In order to check for publication bias, funnel plots were inspected (Figs. 2, 3, 4, 5, 6, 7, and 8). On the one side, leg press performance was untypically low in the study by Winters-Stone et al. (2016) [38]. On the other side, the respective results were untypically high and unsteady in the trial by Galvao et al. (2006) [27] (Fig. 3). This difference might be due to different exercises and assessment methodologies used in these studies. In the study of Winters-Stone et al. (2016), RE for the lower body was performed with bodyweight and weighted vests [38]. From the sensorimotor perspective, this kind of RE has its advantages over machine-based RE. However, it might be limited regarding the development of sheer leg strength, especially when the participants are elderly PCaPs receiving cancer treatment and when strength outcome is measured with a standard 1RM test on the leg press. Galvao et al. (2006) [27], on the other hand, who reported very high outcomes, did not only assess 1RM but also measured muscle endurance. Their participants performed the maximal number of repetitions at 70% of their 1RM and, in contrast to the participants of the other studies, might therefore have had a learning effect when performing at complete exhaustion, which might be a decisive factor for 1RM performance [81]. The seeming deviation of these studies might thus be rather due to study heterogeneity, which was accounted for in the meta-analysis, and not due to publication bias.

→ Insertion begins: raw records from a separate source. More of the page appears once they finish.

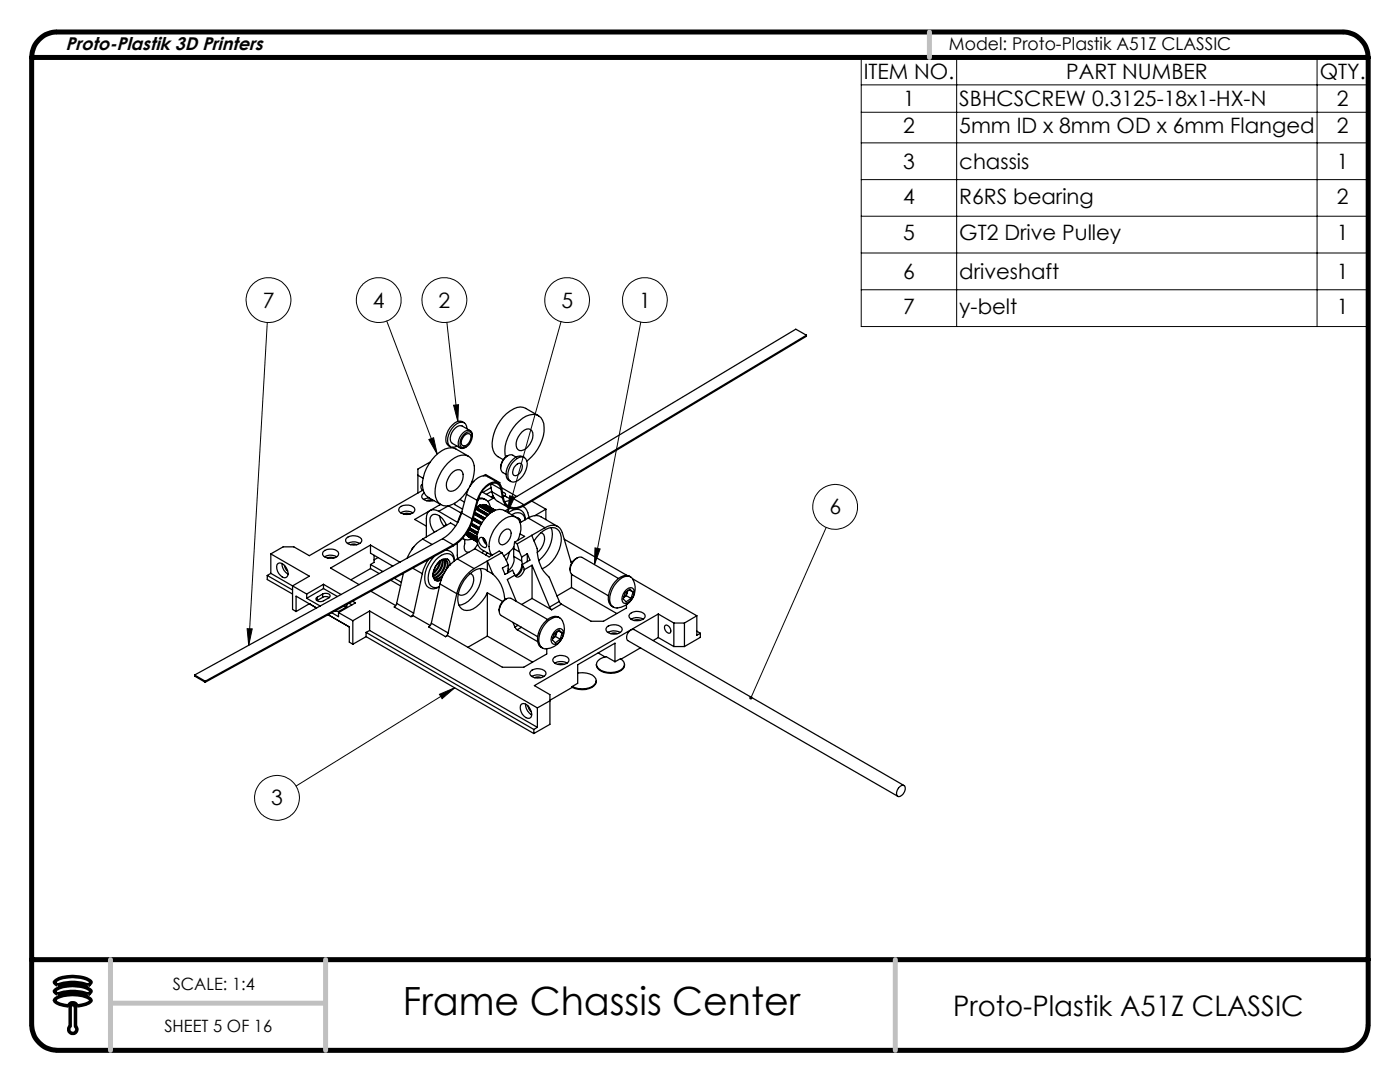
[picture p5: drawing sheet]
<svg xmlns="http://www.w3.org/2000/svg" width="279mm" height="216mm" viewBox="0 0 279 216" stroke-linecap="round" stroke-linejoin="round" font-family="sans-serif">
<g fill="none" stroke="#000" stroke-width=".2">
<path d="M171.9 11.5h101.1v53.7h-101.1zM171.9 16.9h101.1M190.9 11.5v53.7M262.9 11.5v53.7M171.9 22.4h101.1M171.9 28.5h101.1M171.9 35.8h101.1M171.9 43.1h101.1M171.9 50.5h101.1M171.9 57.8h101.1M53.3 64.3l-3.7 64.5M77.2 64.1l10 26.5"/>
<path d="M89.2 64.3l2.2 19.8M112 64.2l-10.7 38M127.9 64.3l-9.3 48.4M85.6 87.7l.9-.4 .7 3.3zM90.5 80.9l1-.1-.1 3.3zM101.7 98.9l1 .3-1.4 3zM118.7 109.3l1.1 .2-1.2 3.2zM164.9 105.2l-15 34M49.3 125.4l1 .1-.7 3.3zM87.7 138.5l3.1-1.3-2.6 2.2zM90.8 137.2l-31.7 19.6"/>
<circle cx="53.6" cy="59.9" r="4.5"/>
<circle cx="75.6" cy="59.9" r="4.5"/>
<circle cx="88.7" cy="59.9" r="4.5"/>
<circle cx="113.2" cy="59.9" r="4.5"/>
<circle cx="128.7" cy="59.9" r="4.5"/>
<circle cx="166.7" cy="101.1" r="4.5"/>
<circle cx="55.3" cy="159.2" r="4.5"/>
</g>
<path d="M10.9 197.7a6 6 0 0 1 5.2-.9 3.2 3.2 0 0 1 2.1 1 .79 .79 0 0 1-1.3 .4 10.7 10.7 0 0 0-5.5 .1l-.5-.4zM10.9 195.9a6 6 0 0 1 5.2-.9 3.2 3.2 0 0 1 2.1 1 .79 .79 0 0 1-1.3 .4 10.7 10.7 0 0 0-5.5 .1l-.5-.4zM11 199.4a7.1 7.1 0 0 1 7 0l.2 .2a1.36 1.36 0 0 1-1.1 .8l-1.7 .3a.9 .9 0 0 0-.9-.6 .9 .9 0 0 0-.8 .6 4.3 4.3 0 0 1-2.7-.9l-.1-.2zM14 204.8a.81 .81 0 0 0 0 1.2 .81 .81 0 0 0 1.1 0 .81 .81 0 0 0 0-1.2M14 201a.53 .53 0 0 1 .5-.6 .53 .53 0 0 1 .6 .6" fill="none" stroke="#000" stroke-width=".7" stroke-linecap="butt"/>
<path d="M11.4 6.4a5.1 5.1 0 0 0-5.1 5.1M267.9 6.4a5.1 5.1 0 0 1 5.1 5.1M6.3 204.5a5.2 5.2 0 0 0 5.1 5.1M273 204.5a5.2 5.2 0 0 1-5.1 5.1" fill="none" stroke="#000" stroke-width="1" stroke-linecap="butt"/>
<path d="M14 201v3.8M15.1 201v3.8" fill="none" stroke="#000" stroke-width=".7"/>
<path d="M11.4 6.4h256.5M6.3 191.5h266.7M6.3 204.5v-193h266.7v193M11.4 209.6h256.5" fill="none" stroke="#000" stroke-width="1"/>
<path d="M185.5 6.4v5.1M22 191.5v18.1M65 191.5v18.1M178.7 191.5v18.1M22 200.2h43" fill="none" stroke="#c0c0c0" stroke-width="1"/>
<path d="M85.6 87.7l.9-.4 .7 3.3zM49.3 125.4l1 .1-.7 3.3zM101.7 98.9l1 .3-1.4 3zM90.5 80.9l1-.1-.1 3.3zM118.7 109.3l1.1 .2-1.2 3.2zM149.6 139l-.1 .1 .1 .4 .3-.3-.2 .4a.34 .34 0 0 0 .5-.4 .34 .34 0 0 0-.6-.2zM87.7 138.5l3.1-1.3-2.6 2.2z" fill="#000"/>
<g fill="none" stroke="#000" stroke-width=".25">
<path d="M160.9 66.9v.2l-56.3 33.8a3.1 3.1 0 0 1-3.4 .2l-.4-.5-.5-1.3M160.9 66.9l-56.3 33.8M160.9 66.9l-2.1-1.2-56.4 33.8M83.4 94.8l1 .6M84.3 96.7h-.1a.89 .89 0 0 0 .1 1.2M84.4 97.8l-22.7 13.1-3.1-1.8h-2.1l-2.5 1.4M84.7 98.4a.71 .71 0 0 0-.5 .7 .71 .71 0 0 0 .5 .7 2.3 2.3 0 0 0 1.9 .1M85.2 99.9l.6-.1 .6 .1M85.7 99.3l-1.1 .4M85.9 92.2l-2.5 1.4v4.8M89.3 92.5a4 4 0 0 1 4-1.6 3.1 3.1 0 0 1 1.3 3.7 8.4 8.4 0 0 1-4.9 6.3 2.25 2.25 0 0 1-2.9-2.5 8.7 8.7 0 0 1 2.5-5.9zM90.4 94.2a1.14 1.14 0 0 1 1.4-.4 1.14 1.14 0 0 1 .6 1.3 3.3 3.3 0 0 1-2.4 2.9 .99 .99 0 0 1-.9-1.1 3.8 3.8 0 0 1 1.3-2.7z"/>
<path d="M91.8 99.7l.9 .5M92.6 86.7a.91 .91 0 0 1 1.6 0 2.48 2.48 0 0 1-1.7 2.7 .85 .85 0 0 1-.7-1.2l.2-.6zM92.6 87a.84 .84 0 0 1 1.3-.3 1.83 1.83 0 0 1-1.3 2.3l-.3-.1a1.13 1.13 0 0 1 0-1.5zM92.6 84.3a1.61 1.61 0 0 0-2.3 .5 4 4 0 0 0-1.3 3.5l.3 .4 .6 .4M93.1 98.6l2.1 1.2M93.1 98.6l-1 3.7M93.2 85.5a1.19 1.19 0 0 0-.7-1.2 1.19 1.19 0 0 0-1.3 .3 4 4 0 0 0-1.8 3.9 1.06 1.06 0 0 0 1.8 .5M93.5 97.5l-.4 1.1M93.5 91.1l-2.5-1.5a3.2 3.2 0 0 0-3.5 .8 8.2 8.2 0 0 0-3.1 7.3 2.29 2.29 0 0 0 1 1.5l2.6 1.5M93.8 85.9l-1.5-.9a1.79 1.79 0 0 0-2.1 1.3 1.75 1.75 0 0 0 .1 2.2l1.6 .9M94.3 87.1v-.2a.85 .85 0 0 0-.4-1 .85 .85 0 0 0-1 .1 2.76 2.76 0 0 0-1.3 3.2 .93 .93 0 0 0 1.4 0M94.5 96l-.4 .3"/>
<path d="M95.2 99.8a5 5 0 0 1 3.5-3.6 1.38 1.38 0 0 1 1.5 1.3l.2 1.7a2.29 2.29 0 0 0 3.4 1.9l.8-.4M95.2 99.8l-1 3.7M95.4 99.6a1.79 1.79 0 0 1 2.5 1.6M95.5 99.4a1.8 1.8 0 0 1 1.5 .3M96.4 94.9l.5-.2 2.8 1.6M97.9 96.6l.2 1.5M98 97.3l-1.6 .9 2 1.2M98 96.5l2 1.1M98.1 98.1a2.54 2.54 0 0 0 1.2 1.9l2.2 1.3M98.1 98.1l2.2 1.2M98.1 98l-1 .6M98.3 99l-.2 .2"/>
<path d="M98.3 99v.3M98.4 98.9l-.1 .1M98.5 99.4l-1.1 .6M98.5 99.4l.2 .1M98.6 99.3l-.1 .1M99.4 96.3l-2.1-1.2a2 2 0 0 0-2.5 .7l-1.1 1.3M99.7 96.3l-.1 .1M99.7 96.3v.3M100 97.6a1.42 1.42 0 0 0-1-1.2 1.42 1.42 0 0 0-1.5 .4 4.9 4.9 0 0 0-2.1 3 18.1 18.1 0 0 1-2 6.2 9 9 0 0 1-2.9 2.9l-49.5 27.2M100 97.6l.3 1.7M100.1 97.3l3 1.8M100.3 98.2a.55 .55 0 0 1 .6 .7l-.1 .1"/>
<path d="M100.4 98.9h.1M100.4 98.9l1.7 .8M100.9 91.2a8 8 0 0 1 4.8-8.4 2.22 2.22 0 0 1 2.9 2.4 8.6 8.6 0 0 1-3.4 6.8M101.4 90.9a2.69 2.69 0 0 0-1.5 2.5M102.4 99.5l-.7 .4-1 .2M102.4 99.5l2.2 1.2M102.7 91.9a1.5 1.5 0 0 1 2.2-.4 3.4 3.4 0 0 1-1 4 1.54 1.54 0 0 1-2.3 .3 3.3 3.3 0 0 1 1.1-3.9zM102.9 92.9l.4-.3 .6-.1a1.58 1.58 0 0 1-.7 2.4l-.7-.1a1.45 1.45 0 0 1 .4-1.9zM103 91.2a1.51 1.51 0 0 0-2.5 .5 1.86 1.86 0 0 0-.2 2.6l.7 .4M104.2 86.2a1.3 1.3 0 0 1 2-.2 3.2 3.2 0 0 1-2.2 3.9 1.11 1.11 0 0 1-1-1.5 4.1 4.1 0 0 1 1.2-2.2zM104.7 91.3l-.4-.2a2.1 2.1 0 0 0-2.4 1.1 3.2 3.2 0 0 0-.6 3.4l.6 .5M104.9 81.5l2.6 1.4"/>
<path d="M105 81.5a2.76 2.76 0 0 0-3.2 .5 8.4 8.4 0 0 0-3.6 7.2 2.91 2.91 0 0 0 2.2 2.5M106.1 100l2.8 1.6M53.3 114.8l5.1 2.9M53.3 114.8v.8l5.1 2.9M54 110.5l7.7 4.5-3.3 1.9M54 114.4l4.4 2.5M54 110.5v3.9M54 114.4l-.7 .4M55.5 112.4a1.64 1.64 0 0 1 1.9 1.5 .91 .91 0 0 1-.7 1.4 2.28 2.28 0 0 1-1.4-2.6zM56.3 112.4a2.29 2.29 0 0 0 1.2 2.1M56.8 112.8l.2 .7 .4 .4M58.4 116.9l2.8 1.6"/>
<path d="M58.4 116.9v4.7l.7 .4M61.2 118.5v.9M61.2 119.4l2.7 1.5M63.3 119.2v.6M63.3 119.8h.1M64.4 118.5l.3-.1a.97 .97 0 0 1 1.2 .5 2.18 2.18 0 0 1-1.6 1.1 .78 .78 0 0 1-1.2-.7l.2-.1M64.4 119.2a1.26 1.26 0 0 1 1.3 0M64.4 118.5l-1.1 .7M64.4 119.2l-1.1 .6M64.4 118.5v.7M64.5 110.1a2.32 2.32 0 0 1 3 0l.1 .4a1.64 1.64 0 0 1-2.2 .9 .91 .91 0 0 1-.9-1.3zM64.6 116.6l3.5 2"/>
<path d="M64.6 116.6l-3.4 1.9M64.6 117.4l-3.4 2M64.6 117.4l2.7 1.6M64.6 116.6v.8M64.7 111.1h.1a2.42 2.42 0 0 1 2.4 0M65.3 111.3l.7-.1 .6 .1M69.1 107.4a2.25 2.25 0 0 1 3 .1l.1 .3a1.85 1.85 0 0 1-2.7 .7l-.5-.5zM69.4 108.4a2.48 2.48 0 0 1 2.4 0M70 108.7l.6-.2 .6 .2M70.4 120l.5 .3-3.3 1.9M73.9 108.8l5.9 3.4M73.9 108.8l-7.9 4.5 5.7 3.4"/>
<path d="M73.9 112.6l2.5 1.5M73.9 108.8v1.6l4.5 2.6M73.9 112.6v.9M73.9 113.5l1.8 .9M73.9 113.5l-3.8 2.2M74 118l5 2.8M74.6 110.8v1.4l-.7 .4M75.4 111.3l-.8 .4M78 115.8l1.9 1.1M78.7 115.4l1.4 .8M79.7 101.3a2.32 2.32 0 0 1 3 .1 .78 .78 0 0 1-.6 1.1 2.15 2.15 0 0 1-2.5-.6zM79.9 102.3a2.3 2.3 0 0 1 2.5 0"/>
<path d="M80.5 114.4l-1.3 6M80.5 102.6l.7-.2 .6 .2M82.4 113.4l1.9 1.1M82.6 109.1l-.5 .6M84.3 114.5l-1.8 7.8M84.3 107.6a7.6 7.6 0 0 0-3.1 3.8M84.3 107.6l2 1.1M85.5 111.7l-.7 1.3-.5 1.5M85.6 102l-2.8 1.6 2.3 1.4M86.5 115.1a.99 .99 0 0 0 1.5 .7M86.7 111a6 6 0 0 0-1.8 5.3 1.75 1.75 0 0 0 2.8 .8 1.57 1.57 0 0 1-1.7-.2 1.57 1.57 0 0 1-.6-1.5 5.6 5.6 0 0 1 3.3-4.8 1.49 1.49 0 0 1 2 1.3M87.6 102l3.7 2.2 .8-2"/>
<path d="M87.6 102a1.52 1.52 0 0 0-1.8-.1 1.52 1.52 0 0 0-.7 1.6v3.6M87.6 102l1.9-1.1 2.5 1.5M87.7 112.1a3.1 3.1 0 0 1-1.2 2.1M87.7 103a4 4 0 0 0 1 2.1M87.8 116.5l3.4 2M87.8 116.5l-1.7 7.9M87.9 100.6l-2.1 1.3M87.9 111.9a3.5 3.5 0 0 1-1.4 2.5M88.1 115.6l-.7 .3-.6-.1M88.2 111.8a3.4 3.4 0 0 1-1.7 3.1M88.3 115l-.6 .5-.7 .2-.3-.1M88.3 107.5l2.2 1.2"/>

A prevalent shortcoming in all of the included studies was the lack of blinding of the participants. This notion can be explained by the nature of randomized controlled exercise intervention studies, where blinding is not feasible.

Conclusion

In the present meta-analysis, we were able to confirm that RE is a potent approach in counteracting increase of body fat as well as loss of muscle mass, muscle strength, and physical performance in patients suffering from prostate cancer. RE should be an important part in multidisciplinary and interdisciplinary cancer rehabilitation of this patient group as it seems to have notable potential to reduce not only treatment-related side effects but also detrimental psychosocial health issues [9, 18]. Many PCaPs are undergoing long-term ADT [82], while substantial ADT side effects are already measurable after 3 months of treatment [83]. Therefore, implementation of RE as an early countermeasure as well as within a long-term rehabilitation process of PCa is essential in optimal supportive care of PCaPs. Nevertheless, further and larger studies examining different protocols of RE and their effectiveness at different treatment and disease stages should be key components of future research in this field.